27.2 Resolution can be voted if there are majority members of the Fiscal Board present. Resolution shall be passed by a simple majority vote of members who are present, for an even vote situation, Chairman of the Fiscal Board shall have a casting vote.

Article 28 – Authorities of the Fiscal Board

The authorities of the Fiscal Board are as follows;
1. to oversee members’ abidance to Articles of the Association and its internal rules,
2. to oversee the execution of resolutions as passed by Members Assembly,
3. to audit the financial accounts and to prove the assets of the Association,
4. to report to Members Assembly on the operational report and financial report as presented by the Management Board.

Chapter Four – Financial Management

Article 29 – Income
The income sources of the Association are as follows:
1. subscriptions to the Association Fund,
2. annual membership subscription fees,
3. donation from members and non-members and other income.
Article 30 – Membership Subscription Fees

The rates as applicable to subscriptions to Association Fund and annual membership subscription fees and the payment method(s) shall be determined by the Management Board. Membership subscription fees and donations shall be non-refundable in any circumstances.

Article 31 – Books of Accounts

The Association shall keep all necessary books of accounts, and shall present these books of accounts annually to its Auditor for audit purposes.

Chapter Five – Regulations and Interim Rule

Article 32 – Amendment of Articles and Disbandment of the Association

Members Assembly shall have the authority to add, amend or rescind any Article of the Association, and to disband the Association.

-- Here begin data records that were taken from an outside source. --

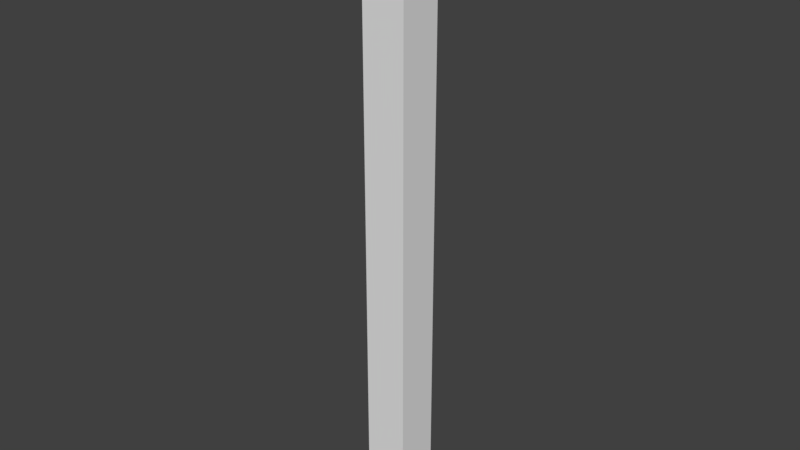 # Source: A_PillarBase_0.2x0.2x3.blend  (saved by Blender 2.79.0; exported with 4.5.12 LTS)
import bpy
from mathutils import Matrix  # noqa: F401  (used for matrix-valued properties, if any)

bpy.ops.wm.read_factory_settings(use_empty=True)
scene = bpy.context.scene
scene.name = 'Scene'

# ---- collections
col_collection_1 = bpy.data.collections.new('Collection 1'); scene.collection.children.link(col_collection_1)

# ---- world
world_world = bpy.data.worlds.new('World'); scene.world = world_world
world_world.color = (0.05088, 0.05088, 0.05088)
world_world.use_sun_shadow = False
world_world.sun_shadow_jitter_overblur = 0.0
world_world.cycles.sampling_method = 'MANUAL'

# ---- meshes
me_cube_001 = bpy.data.meshes.new('Cube.001')
me_cube_001.from_pydata([(0.0, 0.0, 0.0), (0.0, -0.2, 0.0), (-0.2, -0.2, 0.0), (-0.2, 4.768e-07, 0.0), (4.768e-07, -4.768e-07, 2.8), (-7.153e-07, -0.2, 2.8), (-0.2, -0.2, 2.8), (-0.2, 0.0, 2.8)], [], [(0, 1, 2, 3), (4, 7, 6, 5), (1, 0, 4, 5), (3, 2, 6, 7), (4, 0, 3, 7), (2, 1, 5, 6)])
me_cube_001.use_remesh_preserve_volume = False
me_cube_001.use_remesh_preserve_attributes = False
me_cube_001.use_mirror_vertex_groups = False
me_cube_001.update()

# ---- objects
ob_pillarhigh_0_2x0_2x2_5 = bpy.data.objects.new('PillarHigh_0.2x0.2x2.5', me_cube_001)

# ---- transforms, parenting, visibility, modifiers, constraints
ob_pillarhigh_0_2x0_2x2_5.location = (0.0, 0.0, 0.0)
ob_pillarhigh_0_2x0_2x2_5.lock_rotations_4d = False
ob_pillarhigh_0_2x0_2x2_5.empty_display_type = 'ARROWS'
ob_pillarhigh_0_2x0_2x2_5.lineart.crease_threshold = 0.0

# ---- collection membership
col_collection_1.objects.link(ob_pillarhigh_0_2x0_2x2_5)

# ---- scene / render settings (as saved in the file)
scene.frame_start = 1; scene.frame_end = 250; scene.frame_set(1)
scene.render.engine = 'BLENDER_EEVEE_NEXT'
scene.render.resolution_percentage = 50
scene.render.dither_intensity = 0.0
scene.cycles.use_denoising = False
scene.cycles.samples = 128
scene.cycles.sampling_pattern = 'TABULATED_SOBOL'
scene.cycles.use_adaptive_sampling = False
scene.cycles.use_light_tree = False
scene.cycles.blur_glossy = 0.0
scene.cycles.sample_clamp_indirect = 0.0
scene.view_settings.view_transform = 'Standard'
bpy.context.view_layer.update()

# ---- added for rendering (the .blend has no active camera and no usable light): camera, sun
cam_auto = bpy.data.cameras.new('AutoCamera')
cam_auto.lens = 50.0
cam_auto.sensor_width = 36.0
cam_auto.clip_end = 1000.0
ob_auto_camera = bpy.data.objects.new('AutoCamera', cam_auto)
scene.collection.objects.link(ob_auto_camera)
ob_auto_camera.location = (2.50381, -3.22458, 3.48305)
ob_auto_camera.rotation_euler = (1.09748, -7.21219e-08, 0.694738)
scene.camera = ob_auto_camera
light_auto_sun = bpy.data.lights.new('AutoSun', 'SUN')
light_auto_sun.energy = 3.0
light_auto_sun.angle = 0.0523599
ob_auto_sun = bpy.data.objects.new('AutoSun', light_auto_sun)
scene.collection.objects.link(ob_auto_sun)
ob_auto_sun.rotation_euler = (0.872665, 0.174533, 0.523599)
bpy.context.view_layer.update()
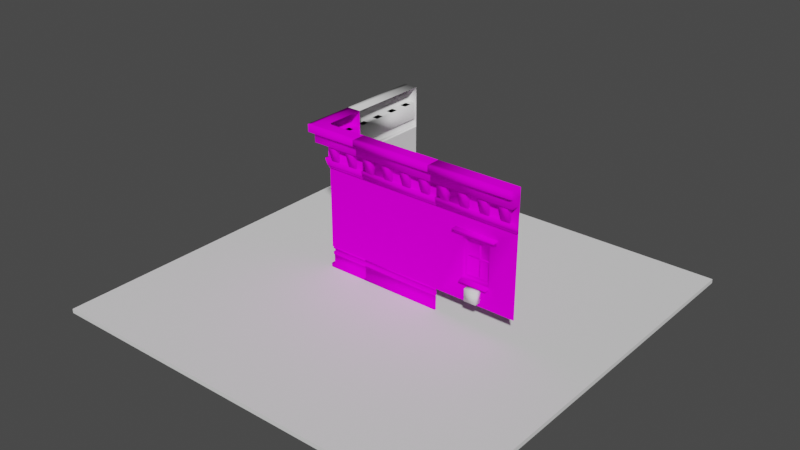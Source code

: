 # Source: MOD_Building_Brick.blend  (saved by Blender 2.91.10; exported with 4.5.12 LTS)
import bpy
from mathutils import Matrix  # noqa: F401  (used for matrix-valued properties, if any)

bpy.ops.wm.read_factory_settings(use_empty=True)
scene = bpy.context.scene
scene.name = 'Scene'

# ---- collections
col_modular = bpy.data.collections.new('Modular'); scene.collection.children.link(col_modular)
col_walls = bpy.data.collections.new('Walls'); col_modular.children.link(col_walls)
col_windows = bpy.data.collections.new('Windows'); col_modular.children.link(col_windows)
col_extensions = bpy.data.collections.new('Extensions'); col_modular.children.link(col_extensions)
col_detail = bpy.data.collections.new('Detail'); col_modular.children.link(col_detail)
col_dupes = bpy.data.collections.new('Dupes'); scene.collection.children.link(col_dupes)
col_ref = bpy.data.collections.new('Ref'); scene.collection.children.link(col_ref)

# ---- images (referenced by path relative to the original .blend; pixels are not part of the script)
import os
ASSET_DIR = os.environ.get("B2B_ASSET_DIR", "")  # directory of the original .blend (textures are referenced by path, not embedded)
HERE = os.path.dirname(os.path.abspath(__file__))  # packed textures are extracted next to this script under _unpacked/

def load_image(name, relpath, width, height, colorspace="sRGB"):
    """Load a texture the original file referenced (path relative to the .blend, or extracted next to this script)."""
    p = next((c for c in (os.path.join(HERE, relpath), os.path.join(ASSET_DIR, relpath)) if relpath and os.path.exists(c)), "")
    if p:
        img = bpy.data.images.load(p, check_existing=True)
        img.name = name
    else:  # same state as the original file: an image datablock whose file is absent (Cycles renders it pink)
        img = bpy.data.images.new(name, width, height)
        img.source = "FILE"
        img.filepath = "//" + (relpath or name)
    img.colorspace_settings.name = colorspace
    return img
img_bricks051_1k_color_jpg = load_image('Bricks051_1K_Color.jpg', 'Bricks051_1K_Color.jpg', 1024, 1024, 'sRGB')
img_abandoned_slipway_8k_hdr = load_image('abandoned_slipway_8k.hdr', 'abandoned_slipway_8k.hdr', 1024, 1024, 'Linear Rec.709')

# ---- materials (node trees are filled in below, after node groups)
mat_brick = bpy.data.materials.new('Brick')
mat_brick.use_transparent_shadow = False

# ---- material node trees
mat_brick.use_nodes = True; mat_brick.node_tree.nodes.clear()
_N = mat_brick.node_tree.nodes; _L = mat_brick.node_tree.links
n0 = _N.new('ShaderNodeBsdfPrincipled'); n0.name = 'Principled BSDF'; n0.location = (10, 300)
n0.distribution = 'GGX'
n0.subsurface_method = 'BURLEY'
n0.inputs[2].default_value = 1.0
n0.inputs[3].default_value = 1.45
n0.inputs[13].default_value = 0.0
n0.inputs[27].default_value = (0.0, 0.0, 0.0, 1.0)
n0.inputs[28].default_value = 1.0
n1 = _N.new('ShaderNodeOutputMaterial'); n1.name = 'Material Output'; n1.location = (300, 300)
n2 = _N.new('ShaderNodeTexImage'); n2.name = 'Image Texture'; n2.location = (-1043, 498)
n2.image = img_bricks051_1k_color_jpg
n3 = _N.new('ShaderNodeCombineColor'); n3.name = 'Combine RGB'; n3.location = (-503, 409)
n4 = _N.new('ShaderNodeSeparateColor'); n4.name = 'Separate RGB'; n4.location = (-723, 435)
_L.new(n0.outputs[0], n1.inputs[0])
_L.new(n2.outputs[0], n4.inputs[0])
_L.new(n4.outputs[0], n3.inputs[0])
_L.new(n3.outputs[0], n0.inputs[0])
_L.new(n4.outputs[1], n3.inputs[1])
_L.new(n4.outputs[2], n3.inputs[2])
n1.is_active_output = True

# ---- world
world_world = bpy.data.worlds.new('World'); scene.world = world_world
world_world.use_nodes = True; world_world.node_tree.nodes.clear()
_N = world_world.node_tree.nodes; _L = world_world.node_tree.links
n0 = _N.new('ShaderNodeMapping'); n0.name = 'Mapping'; n0.location = (27, 394)
n0.inputs[2].default_value = (-1.571, 0.0, 0.0)
n1 = _N.new('ShaderNodeTexCoord'); n1.name = 'Texture Coordinate'; n1.location = (-270, 355)
n2 = _N.new('ShaderNodeOutputWorld'); n2.name = 'World Output'; n2.location = (794, 319)
n3 = _N.new('ShaderNodeBackground'); n3.name = 'Background'; n3.location = (574, 296)
n3.inputs[0].default_value = (0.05509, 0.05509, 0.05509, 1.0)
n4 = _N.new('ShaderNodeTexImage'); n4.name = 'Image Texture'; n4.location = (247, 321)
n4.image = img_abandoned_slipway_8k_hdr
_L.new(n0.outputs[0], n4.inputs[0])
_L.new(n1.outputs[0], n0.inputs[0])
_L.new(n3.outputs[0], n2.inputs[0])
n2.is_active_output = True
world_world.use_sun_shadow = False
world_world.sun_shadow_jitter_overblur = 0.0

# ---- meshes
me_plane_002 = bpy.data.meshes.new('Plane.002')
me_plane_002.from_pydata([(4.0, 1.129e-06, 1.0), (0.0, -1.748e-07, 1.0), (4.0, 1.303e-06, 0.0), (0.0, 0.0, 0.0), (4.0, 1.286e-06, 0.1), (0.0, -1.748e-08, 0.1), (4.0, 1.191e-06, 0.64), (0.0, -1.119e-07, 0.64), (0.0, -0.1, 0.1), (0.0, -0.1, -4.371e-09), (4.0, -0.1, -4.371e-09), (4.0, -0.1, 0.1), (4.0, 1.169e-06, 0.694), (4.0, 1.151e-06, 0.946), (0.0, -1.527e-07, 0.946), (0.0, -1.341e-07, 0.694), (0.0, -0.03052, 0.64), (4.0, -0.03052, 0.64), (0.0, -0.03052, 0.946), (4.0, 0.01874, 0.694), (4.0, 0.01874, 0.946), (0.0, 0.01874, 0.946), (0.0, 0.01874, 0.694), (4.0, -0.03052, 0.946), (4.0, -0.03052, 1.0), (0.0, -0.03052, 1.0), (0.0, -0.03052, 0.694), (4.0, -0.03052, 0.694)], [], [(2, 4, 11, 10), (6, 7, 5, 4), (13, 0, 24, 23), (11, 8, 9, 10), (5, 3, 9, 8), (3, 2, 10, 9), (4, 5, 8, 11), (12, 19, 22, 15), (1, 14, 18, 25), (7, 6, 17, 16), (6, 12, 27, 17), (0, 1, 25, 24), (15, 7, 16, 26), (20, 21, 22, 19), (27, 26, 16, 17), (24, 25, 18, 23), (14, 21, 20, 13), (27, 12, 15, 26), (18, 14, 13, 23)])
me_plane_002.polygons.foreach_set('use_smooth', [True] * 19)
_uv = me_plane_002.uv_layers.new(name='UVMap')
_uv.uv.foreach_set('vector', [0.5, 0.025, 0.5, 0.05, 0.475, 0.05, 0.475, 0.025, 1.0, 0.185, -5.96e-08, 0.185, -5.96e-08, 0.05, 1.0, 0.05, 0.5, 0.2615, 0.5, 0.275, 0.4924, 0.275, 0.4924, 0.2615, 1.0, 0.05, -5.96e-08, 0.05, -5.96e-08, 0.025, 1.0, 0.025, 0.5, 0.05, 0.5, 0.025, 0.525, 0.025, 0.525, 0.05, 1.0, 0.025, -5.96e-08, 0.025, -5.96e-08, 2.98e-07, 1.0, 0.0, 1.0, 0.025, -5.96e-08, 0.025, -5.96e-08, 0.0, 1.0, 3.278e-07, 1.0, 0.025, 1.0, 0.02969, -5.96e-08, 0.02968, -5.96e-08, 0.025, 0.5, 0.275, 0.5, 0.2615, 0.5076, 0.2615, 0.5076, 0.275, 1.0, 0.025, -5.96e-08, 0.025, -5.96e-08, 0.01737, 1.0, 0.01737, 0.5, 0.185, 0.5, 0.1985, 0.4924, 0.1985, 0.4924, 0.185, 1.0, 0.025, -5.96e-08, 0.025, -5.96e-08, 0.01737, 1.0, 0.01737, 0.5, 0.1985, 0.5, 0.185, 0.5076, 0.185, 0.5076, 0.1985, 1.0, 0.2615, -5.96e-08, 0.2615, -5.96e-08, 0.1985, 1.0, 0.1985, 1.0, 0.1985, -5.96e-08, 0.1985, -5.96e-08, 0.185, 1.0, 0.185, 1.0, 0.275, -5.96e-08, 0.275, -5.96e-08, 0.2615, 1.0, 0.2615, 1.0, 0.025, 1.0, 0.02968, -5.96e-08, 0.02969, -5.96e-08, 0.025, 1.0, 0.01737, 1.0, 0.025, -5.96e-08, 0.025, -5.96e-08, 0.01737, 1.0, 0.01737, 1.0, 0.025, -5.96e-08, 0.025, -5.96e-08, 0.01737])
me_plane_002.materials.append(mat_brick)
me_plane_002.use_remesh_fix_poles = True
me_plane_002.use_remesh_preserve_attributes = False
me_plane_002.use_mirror_vertex_groups = False
me_plane_002.update()
me_plane = bpy.data.meshes.new('Plane')
me_plane.from_pydata([(4.0, 1.129e-06, 4.0), (0.0, -1.748e-07, 4.0), (4.0, 1.303e-06, 0.0), (0.0, 0.0, 0.0)], [], [(0, 1, 3, 2)])
_uv = me_plane.uv_layers.new(name='UVMap')
_uv.uv.foreach_set('vector', [1.0, 1.0, 0.0, 1.0, 0.0, 0.0, 1.0, 0.0])
me_plane.materials.append(mat_brick)
me_plane.use_remesh_fix_poles = True
me_plane.use_remesh_preserve_attributes = False
me_plane.use_mirror_vertex_groups = False
me_plane.update()
me_plane_006 = bpy.data.meshes.new('Plane.006')
me_plane_006.from_pydata([(2.0, 4.768e-07, 4.0), (0.0, 2.0, 4.0), (2.0, 6.517e-07, 0.0), (0.0, 2.0, 0.0), (0.0, -1.748e-07, 4.0), (0.0, 0.0, 0.0)], [], [(4, 1, 3, 5), (0, 4, 5, 2)])
_uv = me_plane_006.uv_layers.new(name='UVMap')
_uv.uv.foreach_set('vector', [0.5, 1.0, 0.0, 1.0, 0.0, 0.0, 0.5, 0.0, 1.0, 1.0, 0.5, 1.0, 0.5, 0.0, 1.0, 0.0])
me_plane_006.materials.append(mat_brick)
me_plane_006.use_remesh_fix_poles = True
me_plane_006.use_remesh_preserve_attributes = False
me_plane_006.use_mirror_vertex_groups = False
me_plane_006.update()
me_plane_009 = bpy.data.meshes.new('Plane.009')
me_plane_009.from_pydata([(2.0, 4.768e-07, 1.0), (0.0, 2.0, 1.0), (2.0, 6.517e-07, 0.0), (2.384e-07, 2.0, 5.96e-08), (2.0, 6.342e-07, 0.1), (1.192e-07, 2.0, 0.1), (2.0, 5.398e-07, 0.64), (1.192e-07, 2.0, 0.64), (-0.1, 2.0, 0.1), (-0.1, 2.0, 5.96e-08), (2.0, -0.1, -4.371e-09), (2.0, -0.1, 0.1), (2.0, 5.176e-07, 0.694), (2.0, 4.989e-07, 0.946), (0.0, 2.0, 0.946), (0.0, 2.0, 0.694), (-0.03052, 2.0, 0.64), (2.0, -0.03052, 0.64), (-0.03052, 2.0, 0.946), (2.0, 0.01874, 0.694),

Such meeting of the Members Assembly shall be convened under the provision of Article 16 stated above, and shall compile with the followings:
1. the notice for such meeting shall state clearly the purpose,
2. resolution to add, amend or rescind any Article of the Association shall be passed by at least 75% of members who are present at such meeting,
3. resolution to disband the Association shall be passed by at least 75% of members of the Association,
4. any assets left over after the disbandment of the Association shall be donated to local charitable organizations.

Article 33 – Authority to Interpret Articles of the Association

The authority to interpret Articles of the Association shall rest upon the Management Board of the Association.

Article 34 – Interim Rule

A meeting of the Members Assembly of the Association shall be convened, with the purpose to elect incumbents of various offices of the Association, within three months after the registration of the Association. During this interim period, the administration of the Association shall be the responsibilities of the founding members.